Adding a nullable foreign key
This scenario adds a new foreign key to an already existing nullable column in the “users” table. This foreign key references records in a new “addresses” table which stores fictional addresses for our users.
This operation seems to take PostgreSQL just under 4 seconds to complete. During this period the other DML queries are blocked from executing. However after this brief period the disruption disappears, and a similar performance returns. Depending on the requirements of the application, this 4 second period may be acceptable, or it may not.
Again MySQL takes a while to complete this operation. It was again terminated after 60 seconds, but throughout this period allowed SELECT queries to be processed, while blocking other DML queries.
Adding a non-nullable foreign key
Finally we take a look at a scenario which closely resembles the previous scenario. The only difference in this scenario is that the foreign key constraint is applied to a non-nullable column. Since the column is pre-filled with references to the “addresses” table we suspect that the validation phase of creating this constraint will take longer, as it needs to verify that all the current values stored in this column really do reference a value as is defined in the referenced table.
If we look more closely at the graph for PostgreSQL we can see that it indeed takes longer to perform this operation (just over 10 seconds). Similar to the previous scenario, during this period the other DML queries are clearly blocked, but performance of these queries is restored when the operation completes. This operation obviously blocks, and applying it on a live production database may be too costly.
We see similar performance here compared to the previous scenario. The operation was again terminated after 60 seconds, and appears to put the table in a read-only mode for the duration of the operation.
We’ve looked at various scenarios involving several “refactorings” one can apply to tables in a SQL databases. We’ve seen that some operations appear to be safe enough to be used on live production databases. There are however some caveats to these experiments:
- Tuning the configuration of a database may yield better performance which may lower the duration of some of these operations. For these experiments I only assigned more memory to be used by PostgreSQL and MySQL. I didn’t tune any other aspect of the databases which may have yielded better performance.
- The duration of these operations also seems to take significantly longer when the database is starved of resources. Having a slow disk, or a almost fully utilizing the CPU seems to negatively affect the performance of these DDL statements.
- These operations may show different blocking or non-blocking behavior in different circumstances. Applying these operations to table with a different structure, constraints, or references may yield different results.

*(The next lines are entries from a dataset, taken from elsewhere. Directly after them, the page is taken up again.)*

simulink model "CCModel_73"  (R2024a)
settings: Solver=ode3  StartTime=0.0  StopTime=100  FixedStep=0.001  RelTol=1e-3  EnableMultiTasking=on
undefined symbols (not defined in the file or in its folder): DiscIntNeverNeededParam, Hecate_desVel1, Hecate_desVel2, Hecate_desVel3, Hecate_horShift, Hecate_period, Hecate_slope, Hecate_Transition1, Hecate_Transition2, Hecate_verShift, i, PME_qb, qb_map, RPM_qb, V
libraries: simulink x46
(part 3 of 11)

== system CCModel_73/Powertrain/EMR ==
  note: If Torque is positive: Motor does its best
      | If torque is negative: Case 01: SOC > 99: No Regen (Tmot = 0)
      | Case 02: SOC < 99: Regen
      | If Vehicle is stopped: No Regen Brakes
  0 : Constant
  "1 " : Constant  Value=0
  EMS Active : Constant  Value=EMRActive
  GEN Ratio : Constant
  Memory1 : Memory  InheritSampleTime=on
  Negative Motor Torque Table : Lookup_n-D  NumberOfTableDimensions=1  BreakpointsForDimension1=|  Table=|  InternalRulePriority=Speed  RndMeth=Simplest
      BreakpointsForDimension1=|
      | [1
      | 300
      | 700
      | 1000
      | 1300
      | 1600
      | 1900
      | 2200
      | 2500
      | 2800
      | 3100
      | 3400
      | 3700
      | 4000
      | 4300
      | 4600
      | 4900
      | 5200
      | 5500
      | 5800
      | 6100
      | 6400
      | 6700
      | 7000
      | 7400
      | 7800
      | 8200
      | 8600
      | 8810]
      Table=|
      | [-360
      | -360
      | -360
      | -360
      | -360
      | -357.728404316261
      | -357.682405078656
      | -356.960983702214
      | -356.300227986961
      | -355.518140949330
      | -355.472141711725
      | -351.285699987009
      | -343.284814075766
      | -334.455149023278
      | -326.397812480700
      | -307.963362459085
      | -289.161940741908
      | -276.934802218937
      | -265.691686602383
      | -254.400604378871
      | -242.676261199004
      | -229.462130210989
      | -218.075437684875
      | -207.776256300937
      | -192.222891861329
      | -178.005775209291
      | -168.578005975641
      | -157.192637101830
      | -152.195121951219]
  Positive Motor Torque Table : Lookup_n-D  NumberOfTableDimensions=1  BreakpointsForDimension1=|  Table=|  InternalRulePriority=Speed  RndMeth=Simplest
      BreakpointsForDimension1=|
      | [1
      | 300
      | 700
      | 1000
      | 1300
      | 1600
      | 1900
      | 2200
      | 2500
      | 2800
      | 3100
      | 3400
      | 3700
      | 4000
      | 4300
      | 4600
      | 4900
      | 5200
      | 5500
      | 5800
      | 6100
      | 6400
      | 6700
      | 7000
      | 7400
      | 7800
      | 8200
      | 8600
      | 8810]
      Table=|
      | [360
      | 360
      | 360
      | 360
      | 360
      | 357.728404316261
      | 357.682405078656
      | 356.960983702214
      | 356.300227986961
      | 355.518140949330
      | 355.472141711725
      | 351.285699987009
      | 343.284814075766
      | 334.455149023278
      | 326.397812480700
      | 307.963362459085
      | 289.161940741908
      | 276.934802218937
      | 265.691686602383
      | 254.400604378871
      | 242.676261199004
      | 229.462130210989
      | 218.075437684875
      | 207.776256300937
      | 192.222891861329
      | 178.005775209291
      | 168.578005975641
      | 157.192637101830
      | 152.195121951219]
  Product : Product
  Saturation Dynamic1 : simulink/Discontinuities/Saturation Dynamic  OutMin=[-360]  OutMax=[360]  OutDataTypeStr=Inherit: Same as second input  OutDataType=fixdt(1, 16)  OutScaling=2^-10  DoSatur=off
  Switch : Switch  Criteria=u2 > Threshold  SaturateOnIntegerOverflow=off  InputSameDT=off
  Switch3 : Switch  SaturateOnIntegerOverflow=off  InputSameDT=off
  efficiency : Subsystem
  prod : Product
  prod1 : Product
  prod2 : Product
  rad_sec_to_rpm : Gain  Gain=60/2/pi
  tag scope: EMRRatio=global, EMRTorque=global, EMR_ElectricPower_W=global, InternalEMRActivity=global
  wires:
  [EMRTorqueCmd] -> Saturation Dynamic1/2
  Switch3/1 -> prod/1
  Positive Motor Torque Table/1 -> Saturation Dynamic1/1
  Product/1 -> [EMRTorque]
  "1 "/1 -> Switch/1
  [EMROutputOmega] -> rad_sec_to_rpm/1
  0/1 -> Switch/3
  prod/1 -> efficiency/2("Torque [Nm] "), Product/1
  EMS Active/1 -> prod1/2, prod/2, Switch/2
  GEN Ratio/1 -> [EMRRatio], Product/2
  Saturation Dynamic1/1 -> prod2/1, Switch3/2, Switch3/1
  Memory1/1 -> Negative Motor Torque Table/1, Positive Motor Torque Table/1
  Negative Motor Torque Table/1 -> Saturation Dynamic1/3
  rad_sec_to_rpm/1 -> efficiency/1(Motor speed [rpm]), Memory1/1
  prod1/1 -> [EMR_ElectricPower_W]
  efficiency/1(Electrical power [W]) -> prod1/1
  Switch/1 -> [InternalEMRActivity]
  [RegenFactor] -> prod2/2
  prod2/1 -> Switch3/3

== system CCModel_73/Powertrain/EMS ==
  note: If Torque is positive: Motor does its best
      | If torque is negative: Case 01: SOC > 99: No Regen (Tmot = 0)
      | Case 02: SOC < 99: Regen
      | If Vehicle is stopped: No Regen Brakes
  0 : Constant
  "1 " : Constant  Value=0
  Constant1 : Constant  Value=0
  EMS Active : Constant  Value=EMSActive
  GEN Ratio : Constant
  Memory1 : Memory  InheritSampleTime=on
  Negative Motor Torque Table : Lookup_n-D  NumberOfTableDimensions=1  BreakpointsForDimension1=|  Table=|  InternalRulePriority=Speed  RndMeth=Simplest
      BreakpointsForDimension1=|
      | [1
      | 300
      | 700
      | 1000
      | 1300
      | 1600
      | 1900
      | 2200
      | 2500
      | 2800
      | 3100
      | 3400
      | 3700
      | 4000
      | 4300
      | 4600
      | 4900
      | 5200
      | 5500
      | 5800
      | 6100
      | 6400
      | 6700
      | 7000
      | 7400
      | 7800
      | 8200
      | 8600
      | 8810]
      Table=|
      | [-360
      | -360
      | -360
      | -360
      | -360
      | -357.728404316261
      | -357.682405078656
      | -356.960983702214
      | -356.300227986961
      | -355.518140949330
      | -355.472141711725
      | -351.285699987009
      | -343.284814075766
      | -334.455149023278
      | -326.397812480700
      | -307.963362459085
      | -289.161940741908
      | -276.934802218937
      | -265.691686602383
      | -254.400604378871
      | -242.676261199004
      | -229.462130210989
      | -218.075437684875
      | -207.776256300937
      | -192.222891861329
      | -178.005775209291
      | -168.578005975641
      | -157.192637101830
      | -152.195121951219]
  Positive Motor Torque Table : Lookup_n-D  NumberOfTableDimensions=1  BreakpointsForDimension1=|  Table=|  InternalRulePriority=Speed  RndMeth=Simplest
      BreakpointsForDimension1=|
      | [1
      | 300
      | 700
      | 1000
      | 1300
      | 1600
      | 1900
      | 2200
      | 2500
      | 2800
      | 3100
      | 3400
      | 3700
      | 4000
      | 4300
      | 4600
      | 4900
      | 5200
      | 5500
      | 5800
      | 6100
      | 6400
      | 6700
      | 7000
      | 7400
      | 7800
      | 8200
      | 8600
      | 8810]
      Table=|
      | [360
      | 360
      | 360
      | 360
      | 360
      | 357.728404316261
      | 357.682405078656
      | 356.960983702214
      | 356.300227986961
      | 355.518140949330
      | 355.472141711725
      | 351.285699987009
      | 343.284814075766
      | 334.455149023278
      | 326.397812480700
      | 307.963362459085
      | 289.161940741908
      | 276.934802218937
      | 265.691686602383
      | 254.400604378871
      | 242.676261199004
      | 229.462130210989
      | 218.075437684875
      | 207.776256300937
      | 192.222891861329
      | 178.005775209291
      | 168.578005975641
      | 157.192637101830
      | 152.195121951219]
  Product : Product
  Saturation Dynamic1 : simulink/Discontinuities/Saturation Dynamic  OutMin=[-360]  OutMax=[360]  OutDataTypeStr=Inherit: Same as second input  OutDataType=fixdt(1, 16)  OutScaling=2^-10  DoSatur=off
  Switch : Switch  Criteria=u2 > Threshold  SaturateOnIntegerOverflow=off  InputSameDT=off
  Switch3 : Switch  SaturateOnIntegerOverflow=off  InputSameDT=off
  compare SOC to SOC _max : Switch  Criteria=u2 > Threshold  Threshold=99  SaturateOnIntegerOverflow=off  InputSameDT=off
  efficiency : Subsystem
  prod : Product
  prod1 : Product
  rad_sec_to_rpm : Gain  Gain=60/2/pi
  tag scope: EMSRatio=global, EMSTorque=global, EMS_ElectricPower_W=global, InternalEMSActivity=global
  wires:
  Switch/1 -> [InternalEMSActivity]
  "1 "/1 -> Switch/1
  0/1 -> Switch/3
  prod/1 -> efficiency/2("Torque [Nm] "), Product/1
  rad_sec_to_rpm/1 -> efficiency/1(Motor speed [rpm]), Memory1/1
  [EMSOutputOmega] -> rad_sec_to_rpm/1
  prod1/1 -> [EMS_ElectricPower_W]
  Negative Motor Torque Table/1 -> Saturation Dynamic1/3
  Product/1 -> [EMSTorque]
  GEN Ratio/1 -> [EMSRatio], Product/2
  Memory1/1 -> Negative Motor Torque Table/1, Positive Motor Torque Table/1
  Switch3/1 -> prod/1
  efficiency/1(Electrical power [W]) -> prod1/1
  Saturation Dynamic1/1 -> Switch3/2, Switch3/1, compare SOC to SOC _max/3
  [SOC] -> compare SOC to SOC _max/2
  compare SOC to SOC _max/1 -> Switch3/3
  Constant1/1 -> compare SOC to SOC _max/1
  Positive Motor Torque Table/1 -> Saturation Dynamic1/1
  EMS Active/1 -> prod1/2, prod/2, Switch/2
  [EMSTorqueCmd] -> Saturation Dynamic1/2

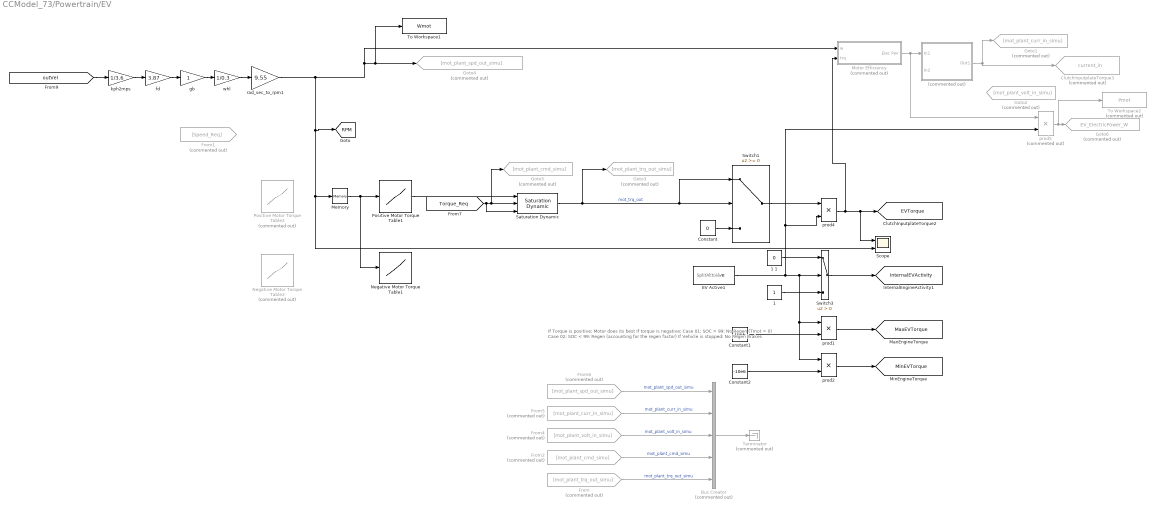
== system CCModel_73/Powertrain/EV ==
  note: If Torque is positive: Motor does its best
      | If torque is negative: Case 01: SOC > 99: No Regen (Tmot = 0)
      | Case 02: SOC < 99: Regen (accounting for the regen factor)
      | If Vehicle is stopped: No Regen Brakes
  note: SplitActive
  " " : Subsystem  Commented=on
      mask Display: fprintf('Divider')
  1 : Constant
  1 1 : Constant  Value=0
  Bus Creator : BusCreator  Commented=on  Inputs='mot_plant_spd_out_simu','mot_plant_curr_in_simu','mot_plant_volt_in_simu','mot_plant_cmd_simu','mot_plant_trq_out_simu'
  ClutchInputplateTorque3 : Goto  Commented=on  GotoTag=current_in  TagVisibility=global
  Constant : Constant  Value=0
  Constant1 : Constant  Value=10e6
  Constant2 : Constant  Value=-10e6
  EV Active1 : Constant  Value=EVActive
  From : From  Commented=on  GotoTag=mot_plant_trq_out_simu
  From1 : From  Commented=on  GotoTag=Speed_Req  TagVisibility=global
  From2 : From  Commented=on  GotoTag=mot_plant_cmd_simu
  From4 : From  Commented=on  GotoTag=mot_plant_volt_in_simu
  From5 : From  Commented=on  GotoTag=mot_plant_curr_in_simu
  From6 : From  Commented=on  GotoTag=mot_plant_spd_out_simu
  Goto1 : Goto  Commented=on  GotoTag=mot_plant_curr_in_simu
  Goto2 : Goto  Commented=on  GotoTag=mot_plant_volt_in_simu
  Goto3 : Goto  Commented=on  GotoTag=mot_plant_trq_out_simu
  Goto4 : Goto  Commented=on  GotoTag=mot_plant_spd_out_simu
  Goto5 : Goto  Commented=on  GotoTag=mot_plant_cmd_simu
  Goto6 : Goto  Commented=on  GotoTag=EV_ElectricPower_W  TagVisibility=global
  Memory : Memory
  Motor Efficiency : Subsystem  Commented=on
  Negative Motor Torque Table1 : Lookup_n-D  NumberOfTableDimensions=1  BreakpointsForDimension1="[5.65\t554.29\t1108.59\t1662.89\t2024.88\t2211.53\t2369.9\t2522.62\t2680.99\t2873.3\t3088.23\t3252.26\t3433.25\t3625.56\t3812.21\t4095.02\t4389.14\t4536.19\t4626.69\t4700.22\t4756.78\t4819\t4869.9\t4920.81\t4977.37\t4999.99]"  Table="[-444\t-444\t-444\t-444\t-428\t-416.41\t-396.47\t-372.36\t-344.93\t-310.84\t-285.92\t-268.48\t-248.55\t-233.62\t-218.68\t-200.45\t-193.05\t-186.44\t-173.14\t-154.84\t-129.037\t-101.56\t-73.26\t-46.62\t-17.48\t0]"  InternalRulePriority=Speed  RndMeth=Simplest
  Negative Motor Torque Table2 : Lookup_n-D  Commented=on  NumberOfTableDimensions=1  BreakpointsForDimension1=[0 5000]  Table=[-500 -500]  InternalRulePriority=Speed  RndMeth=Simplest
  Positive Motor Torque Table1 : Lookup_n-D  NumberOfTableDimensions=1  BreakpointsForDimension1=[1;10;575;750;925;1100;1275;1450;1625;1800;1975;2150;2325;2500;2675;2850;3025;3200;3375;3550;3725;3900;4075;4250;4425;4600;4775;4950;5125;5300;5475;5650;5825;6000]  Table=[412.5;412.5;412.5;412.5;412.5;412.5;412.5;412.5;412.5;412.5;412.5;412.5;412.5;412.5;412.5;412.5;412.5;412.5;412.5;412.5;400;380;355.5626875;346.30825;338.1746875;331.162;325.2701875;320.49925;316.8491875;314.32;308;275;50;0.195]  InternalRulePriority=Speed  RndMeth=Simplest
  Positive Motor Torque Table2 : Lookup_n-D  Commented=on  NumberOfTableDimensions=1  BreakpointsForDimension1=[0 500 1000 1500 2000 2500 3000 3500 4000 4500 5000]  Table=[436 426 416 408 405 330 258 207 172 140 0]  InternalRulePriority=Speed  RndMeth=Simplest
  Saturation Dynamic : simulink/Discontinuities/Saturation Dynamic  OutMin=[-444]  OutMax=[444]  OutDataTypeStr=Inherit: Same as second input  OutDataType=fixdt(1, 16)  OutScaling=2^-10  DoSatur=off
  Scope : Scope  NumInputPorts=2
  Switch1 : Switch  SaturateOnIntegerOverflow=off  InputSameDT=off
  Switch3 : Switch  Criteria=u2 > Threshold  SaturateOnIntegerOverflow=off  InputSameDT=off
  Terminator : Terminator  Commented=on
  To Workspace1 : ToWorkspace  VariableName=Wmot  SampleTime=-1
      settings: Save2DSignal=2-D array (concatenate along first dimension)
  To Workspace2 : ToWorkspace  Commented=on  VariableName=Pmot  SampleTime=-1
      settings: Save2DSignal=2-D array (concatenate along first dimension)
  fd : Gain  Gain=3.87
  gb : Gain
  kph2mps : Gain  Gain=1/3.6
  prod1 : Product
  prod2 : Product
  prod4 : Product
  prod5 : Product  Commented=on
  rad_sec_to_rpm1 : Gain  Gain=9.55
  whl : Gain  Gain=1/0.3
  tag scope: EVTorque=global, InternalEVActivity=global, MaxEVTorque=global, MinEVTorque=global, RPM=global
  wires:
  rad_sec_to_rpm1/1 -> [RPM], Scope/2, Memory/1, Motor Efficiency/1(w), To Workspace1/1, Goto4/1
  Saturation Dynamic/1 -> Switch1/2, Switch1/1, Goto3/1  "mot_trq_out"
  From5/1 -> Bus Creator/2  "mot_plant_curr_in_simu"
  [Torque_Req] -> Saturation Dynamic/3, Goto5/1, Saturation Dynamic/2
  From/1 -> Bus Creator/5  "mot_plant_trq_out_simu"
  Bus Creator/1 -> Terminator/1
  From6/1 -> Bus Creator/1  "mot_plant_spd_out_simu"
  Memory/1 -> Negative Motor Torque Table1/1, Positive Motor Torque Table1/1
  Positive Motor Torque Table1/1 -> Saturation Dynamic/1
  From2/1 -> Bus Creator/4  "mot_plant_cmd_simu"
  From4/1 -> Bus Creator/3  "mot_plant_volt_in_simu"
  [outVel] -> kph2mps/1
  1 1/1 -> Switch3/1
  Switch3/1 -> [InternalEVActivity]
  1/1 -> Switch3/3
  Switch1/1 -> prod4/1
  prod5/1 -> To Workspace2/1, Goto6/1
  Motor Efficiency/1(Elec Pwr) -> prod5/1, " "/1(In1)
  " "/1(Out1) -> ClutchInputplateTorque3/1, Goto1/1
  Constant2/1 -> prod2/2
  EV Active1/1 -> prod5/2, prod4/2, prod1/1, prod2/1, Switch3/2
  Constant1/1 -> prod1/2
  fd/1 -> gb/1
  gb/1 -> whl/1
  kph2mps/1 -> fd/1
  whl/1 -> rad_sec_to_rpm1/1
  prod4/1 -> Motor Efficiency/2(trq), Scope/1, [EVTorque]
  prod1/1 -> [MaxEVTorque]
  prod2/1 -> [MinEVTorque]
  Constant/1 -> Switch1/3

== system CCModel_73/Powertrain/Engine ==
  1 2 : Constant  Value=0
  2 : Constant
  Constant1 : Constant  Value=10e6
  Constant2 : Constant  Value=-10e6
  Eengine Active : Constant  Value=EngineActive
  EngineOmega : Goto  Commented=on  GotoTag=EngineOmega  TagVisibility=global
  Fuel Consumption : Subsystem  Commented=on
      mask Display: image(imread('engine_icon.jpg'))
  ICE_WOT : Lookup_n-D  NumberOfTableDimensions=1  BreakpointsForDimension1=[0 1500 2000 2500 3000 3500 4000 4500 5000 5500 6000 6500 7000 7200]  Table=[0 460 475 490 500 510 530 540 530 510 480 455 420 400]  InternalRulePriority=Speed  RndMeth=Simplest
  IdleSpeed(rpm) : Constant  Value=IdleSpeed
  Idle_Speed : Saturate  UpperLimit=inf  LowerLimit=800
  Idle_if_N : Switch  Criteria=u2 > Threshold  SaturateOnIntegerOverflow=off  InputSameDT=off
  Memory18 : Memory  InheritSampleTime=on
  Memory2 : Memory  InheritSampleTime=on
  Min : MinMax  Inputs=2
  Product6 : Product
  Saturation : Saturate  UpperLimit=inf  LowerLimit=0
  Switch1 : Switch  Criteria=u2 > Threshold  SaturateOnIntegerOverflow=off  InputSameDT=off
  prod{1..4} (4 alike) : Product
  rad_sec_to_rpm2 : Gain  Gain=60/2/pi
  rpm_to_radsec : Gain  Gain=1/(60/2/pi)
  tag scope: ClutchInputplateTorque=global, InternalEngineActivity=global, MaxEngineTorque=global, MinEngineTorque=global
  wires:
  Constant1/1 -> prod1/2
  Constant2/1 -> prod2/2
  [EngineTorqueCmd] -> Min/1
  prod3/1 -> [ClutchInputplateTorque]
  Eengine Active/1 -> prod4/2, prod3/2, prod2/1, prod1/1, Switch1/2
  ICE_WOT/1 -> Min/2
  1 2/1 -> Switch1/1
  2/1 -> Switch1/3
  rad_sec_to_rpm2/1 -> Memory2/1
  Switch1/1 -> [InternalEngineActivity]
  Saturation/1 -> prod3/1
  Min/1 -> Saturation/1
  Idle_Speed/1 -> ICE_WOT/1
  Memory2/1 -> Idle_Speed/1
  Memory18/1 -> prod4/1, rad_sec_to_rpm2/1
  prod1/1 -> [MaxEngineTorque]
  prod2/1 -> [MinEngineTorque]
  [DiffCenterInputOmega] -> Product6/2
  [GearRatio] -> Idle_if_N/2, Product6/1
  Product6/1 -> Idle_if_N/1
  prod4/1 -> EngineOmega/1
  Idle_if_N/1 -> Memory18/1
  IdleSpeed(rpm)/1 -> rpm_to_radsec/1
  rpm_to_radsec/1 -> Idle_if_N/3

In other words: our measurements apply only to this particular setup in which we have tested these scenarios. If you wish to find out if a certain operation can be safely performed in your production environment, you would do well to test it on a staging environment which replicates the production environment (and it’s workload) as best it can.
Most interesting I found to be the big differences between MySQL and PostgreSQL. MySQL seems to put tables in a read-only mode when performing DDL statements on tables. Unfortunately MySQL takes considerably longer to perform these operations when compared to PostgreSQL.